The Antibacterial Effects of Cocktail and Single Forms of Lytic Phages Belonging to Podoviridae and Myoviridae Families from Sewage against Shigella sonnei and Shigella flexneri.

Abstract

Diarrhea caused by bacterial pathogens such as Shigella spp. is one of the prominent public health concerns. The evolution of vast antibiotic resistance by these pathogens, leading to failure in the infections eradication, has made an impetus to seek and develop novel approaches. Recently, some alternative therapies such as phage therapy have been investigated.
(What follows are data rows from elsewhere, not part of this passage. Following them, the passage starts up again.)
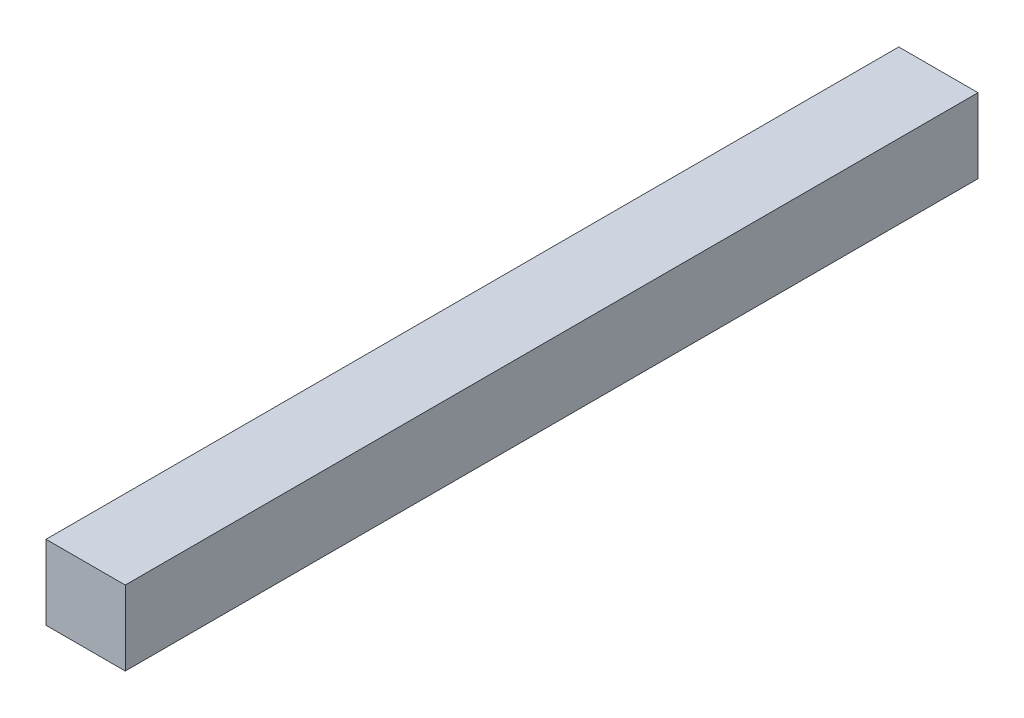
ISO-10303-21;
HEADER;
FILE_DESCRIPTION(('STEP AP214'),'2;1');
FILE_NAME('part.step','',(''),(''),'','','');
FILE_SCHEMA(('AUTOMOTIVE_DESIGN { 1 0 10303 214 1 1 1 1 }'));
ENDSEC;
DATA;
#1=APPLICATION_CONTEXT('core data for automotive mechanical design processes');
#2=APPLICATION_PROTOCOL_DEFINITION('international standard','automotive_design',2000,#1);
#3=PRODUCT_CONTEXT('',#1,'mechanical');
#4=PRODUCT('Part','Part','',(#3));
#5=PRODUCT_RELATED_PRODUCT_CATEGORY('part','',(#4));
#6=PRODUCT_DEFINITION_FORMATION('','',#4);
#7=PRODUCT_DEFINITION_CONTEXT('part definition',#1,'design');
#8=PRODUCT_DEFINITION('design','',#6,#7);
#9=PRODUCT_DEFINITION_SHAPE('','',#8);
#10=(LENGTH_UNIT() NAMED_UNIT(*) SI_UNIT(.MILLI.,.METRE.));
#11=(NAMED_UNIT(*) PLANE_ANGLE_UNIT() SI_UNIT($,.RADIAN.));
#12=(NAMED_UNIT(*) SI_UNIT($,.STERADIAN.) SOLID_ANGLE_UNIT());
#13=UNCERTAINTY_MEASURE_WITH_UNIT(LENGTH_MEASURE(1.E-05),#10,'distance_accuracy_value','');
#14=(GEOMETRIC_REPRESENTATION_CONTEXT(3) GLOBAL_UNCERTAINTY_ASSIGNED_CONTEXT((#13)) GLOBAL_UNIT_ASSIGNED_CONTEXT((#10,
#11,#12)) REPRESENTATION_CONTEXT('',''));
#15=CARTESIAN_POINT('',(0.,0.,0.));
#16=DIRECTION('',(0.,0.,1.));
#17=DIRECTION('',(1.,0.,0.));
#18=AXIS2_PLACEMENT_3D('',#15,#16,#17);
#19=CARTESIAN_POINT('',(-26.6666666666666,25.1515151515151,538.));
#20=DIRECTION('',(1.,0.,0.));
#21=DIRECTION('',(0.,1.,0.));
#22=AXIS2_PLACEMENT_3D('',#19,#20,#21);
#23=PLANE('',#22);
#24=DIRECTION('',(0.,-1.,0.));
#25=VECTOR('',#24,1.);
#26=CARTESIAN_POINT('',(-26.6666666666666,25.1515151515151,0.));
#27=LINE('',#26,#25);
#28=CARTESIAN_POINT('',(-26.6666666666666,25.1515151515151,0.));
#29=VERTEX_POINT('',#28);
#30=CARTESIAN_POINT('',(-26.6666666666666,-21.8484848484849,0.));
#31=VERTEX_POINT('',#30);
#32=EDGE_CURVE('E96',#29,#31,#27,.T.);
#33=ORIENTED_EDGE('',*,*,#32,.T.);
#34=DIRECTION('',(0.,0.,-1.));
#35=VECTOR('',#34,1.);
#36=CARTESIAN_POINT('',(-26.6666666666666,-21.8484848484849,538.));
#37=LINE('',#36,#35);
#38=CARTESIAN_POINT('',(-26.6666666666666,-21.8484848484849,538.));
#39=VERTEX_POINT('',#38);
#40=EDGE_CURVE('E11',#39,#31,#37,.T.);
#41=ORIENTED_EDGE('',*,*,#40,.F.);
#42=DIRECTION('',(0.,-1.,0.));
#43=VECTOR('',#42,1.);
#44=CARTESIAN_POINT('',(-26.6666666666666,25.1515151515151,538.));
#45=LINE('',#44,#43);
#46=CARTESIAN_POINT('',(-26.6666666666666,25.1515151515151,538.));
#47=VERTEX_POINT('',#46);
#48=EDGE_CURVE('E84',#47,#39,#45,.T.);
#49=ORIENTED_EDGE('',*,*,#48,.F.);
#50=DIRECTION('',(0.,0.,-1.));
#51=VECTOR('',#50,1.);
#52=CARTESIAN_POINT('',(-26.6666666666666,25.1515151515151,538.));
#53=LINE('',#52,#51);
#54=EDGE_CURVE('E92',#47,#29,#53,.T.);
#55=ORIENTED_EDGE('',*,*,#54,.T.);
#56=EDGE_LOOP('',(#33,#41,#49,#55));
#57=FACE_BOUND('',#56,.T.);
#58=ADVANCED_FACE('F33',(#57),#23,.F.);
#59=CARTESIAN_POINT('',(-26.6666666666666,-21.8484848484849,538.));
#60=DIRECTION('',(0.,1.,0.));
#61=DIRECTION('',(0.,0.,1.));
#62=AXIS2_PLACEMENT_3D('',#59,#60,#61);
#63=PLANE('',#62);
#64=DIRECTION('',(1.,0.,0.));
#65=VECTOR('',#64,1.);
#66=CARTESIAN_POINT('',(-26.6666666666666,-21.8484848484849,0.));
#67=LINE('',#66,#65);
#68=CARTESIAN_POINT('',(23.3333333333334,-21.8484848484849,0.));
#69=VERTEX_POINT('',#68);
#70=EDGE_CURVE('E88',#31,#69,#67,.T.);
#71=ORIENTED_EDGE('',*,*,#70,.T.);
#72=DIRECTION('',(0.,0.,-1.));
#73=VECTOR('',#72,1.);
#74=CARTESIAN_POINT('',(23.3333333333334,-21.8484848484849,538.));
#75=LINE('',#74,#73);
#76=CARTESIAN_POINT('',(23.3333333333334,-21.8484848484849,538.));
#77=VERTEX_POINT('',#76);
#78=EDGE_CURVE('E41',#77,#69,#75,.T.);
#79=ORIENTED_EDGE('',*,*,#78,.F.);
#80=DIRECTION('',(1.,0.,0.));
#81=VECTOR('',#80,1.);
#82=CARTESIAN_POINT('',(-26.6666666666666,-21.8484848484849,538.));
#83=LINE('',#82,#81);
#84=EDGE_CURVE('E79',#39,#77,#83,.T.);
#85=ORIENTED_EDGE('',*,*,#84,.F.);
#86=ORIENTED_EDGE('',*,*,#40,.T.);
#87=EDGE_LOOP('',(#71,#79,#85,#86));
#88=FACE_BOUND('',#87,.T.);
#89=ADVANCED_FACE('F87',(#88),#63,.F.);
#90=CARTESIAN_POINT('',(23.3333333333334,25.1515151515151,538.));
#91=DIRECTION('',(-1.,0.,0.));
#92=DIRECTION('',(0.,-1.,0.));
#93=AXIS2_PLACEMENT_3D('',#90,#91,#92);
#94=PLANE('',#93);
#95=DIRECTION('',(0.,1.,0.));
#96=VECTOR('',#95,1.);
#97=CARTESIAN_POINT('',(23.3333333333334,25.1515151515151,0.));
#98=LINE('',#97,#96);
#99=CARTESIAN_POINT('',(23.3333333333334,25.1515151515151,0.));
#100=VERTEX_POINT('',#99);
#101=EDGE_CURVE('E66',#69,#100,#98,.T.);
#102=ORIENTED_EDGE('',*,*,#101,.T.);
#103=DIRECTION('',(0.,0.,-1.));
#104=VECTOR('',#103,1.);
#105=CARTESIAN_POINT('',(23.3333333333334,25.1515151515151,538.));
#106=LINE('',#105,#104);
#107=CARTESIAN_POINT('',(23.3333333333334,25.1515151515151,538.));
#108=VERTEX_POINT('',#107);
#109=EDGE_CURVE('E89',#108,#100,#106,.T.);
#110=ORIENTED_EDGE('',*,*,#109,.F.);
#111=DIRECTION('',(0.,1.,0.));
#112=VECTOR('',#111,1.);
#113=CARTESIAN_POINT('',(23.3333333333334,25.1515151515151,538.));
#114=LINE('',#113,#112);
#115=EDGE_CURVE('E82',#77,#108,#114,.T.);
#116=ORIENTED_EDGE('',*,*,#115,.F.);
#117=ORIENTED_EDGE('',*,*,#78,.T.);
#118=EDGE_LOOP('',(#102,#110,#116,#117));
#119=FACE_BOUND('',#118,.T.);
#120=ADVANCED_FACE('F90',(#119),#94,.F.);
#121=CARTESIAN_POINT('',(-26.6666666666666,25.1515151515151,538.));
#122=DIRECTION('',(0.,-1.,0.));
#123=DIRECTION('',(0.,0.,-1.));
#124=AXIS2_PLACEMENT_3D('',#121,#122,#123);
#125=PLANE('',#124);
#126=DIRECTION('',(-1.,0.,0.));
#127=VECTOR('',#126,1.);
#128=CARTESIAN_POINT('',(-26.6666666666666,25.1515151515151,0.));
#129=LINE('',#128,#127);
#130=EDGE_CURVE('E72',#100,#29,#129,.T.);
#131=ORIENTED_EDGE('',*,*,#130,.T.);
#132=ORIENTED_EDGE('',*,*,#54,.F.);
#133=DIRECTION('',(-1.,0.,0.));
#134=VECTOR('',#133,1.);
#135=CARTESIAN_POINT('',(-26.6666666666666,25.1515151515151,538.));
#136=LINE('',#135,#134);
#137=EDGE_CURVE('E49',#108,#47,#136,.T.);
#138=ORIENTED_EDGE('',*,*,#137,.F.);
#139=ORIENTED_EDGE('',*,*,#109,.T.);
#140=EDGE_LOOP('',(#131,#132,#138,#139));
#141=FACE_BOUND('',#140,.T.);
#142=ADVANCED_FACE('F103',(#141),#125,.F.);
#143=CARTESIAN_POINT('',(0.,0.,538.));
#144=DIRECTION('',(0.,0.,1.));
#145=DIRECTION('',(1.,0.,0.));
#146=AXIS2_PLACEMENT_3D('',#143,#144,#145);
#147=PLANE('',#146);
#148=ORIENTED_EDGE('',*,*,#48,.T.);
#149=ORIENTED_EDGE('',*,*,#84,.T.);
#150=ORIENTED_EDGE('',*,*,#115,.T.);
#151=ORIENTED_EDGE('',*,*,#137,.T.);
#152=EDGE_LOOP('',(#148,#149,#150,#151));
#153=FACE_BOUND('',#152,.T.);
#154=ADVANCED_FACE('F80',(#153),#147,.T.);
#155=CARTESIAN_POINT('',(0.,0.,0.));
#156=DIRECTION('',(0.,0.,1.));
#157=DIRECTION('',(1.,0.,0.));
#158=AXIS2_PLACEMENT_3D('',#155,#156,#157);
#159=PLANE('',#158);
#160=ORIENTED_EDGE('',*,*,#32,.F.);
#161=ORIENTED_EDGE('',*,*,#130,.F.);
#162=ORIENTED_EDGE('',*,*,#101,.F.);
#163=ORIENTED_EDGE('',*,*,#70,.F.);
#164=EDGE_LOOP('',(#160,#161,#162,#163));
#165=FACE_BOUND('',#164,.T.);
#166=ADVANCED_FACE('F106',(#165),#159,.F.);
#167=CLOSED_SHELL('',(#58,#89,#120,#142,#154,#166));
#168=MANIFOLD_SOLID_BREP('B2',#167);
#169=ADVANCED_BREP_SHAPE_REPRESENTATION('',(#18,#168),#14);
#170=SHAPE_DEFINITION_REPRESENTATION(#9,#169);
ENDSEC;
END-ISO-10303-21;

Bacteriophages are viruses that target specific bacterial species. The objective of this study was to assess the therapeutic effect of phages obtained from hospital sewage against Shigella sonnei (S. sonnei) ATCC® 9290 and S. flexneri ATCC 12022 standard and clinical strains. Four various lytic bacteriophages were isolated from animal fecal and sewage samples and propagated using S. sonnei and S. flexneri as host organisms. The phages' morphology was determined using transmission electron microscopy (TEM). The lytic potential and host specificity of isolated phages were evaluated using double layer plaque assay and spot test. Moreover, bacterial turbidity values were evaluated in coculture with phages in the Luria Bertani (LB) medium for 24 hours at time intervals of 30 min. Phage cocktails (Shs1, Shs2, Shf1, and Shf2) exhibited higher antimicrobial activity than single phage application against S. sonnei and S. flexneri standard strains. The phages belonged to Podoviridae and Myoviridae families according to TEM-assisted morphological features analysis. In addition, the phages exhibited host specificity using the spot test against 18 Shigella clinical isolates. In this study, phage cocktail of Podoviridae and Myoviridae families from sewage conferred substantial antibacterial effects against S. sonnei and S. flexneri. However, single phage effects were unstable in the LB coculture. Moreover, the phages had host specificity using the spot test performed against Shigella spp. clinical isolates.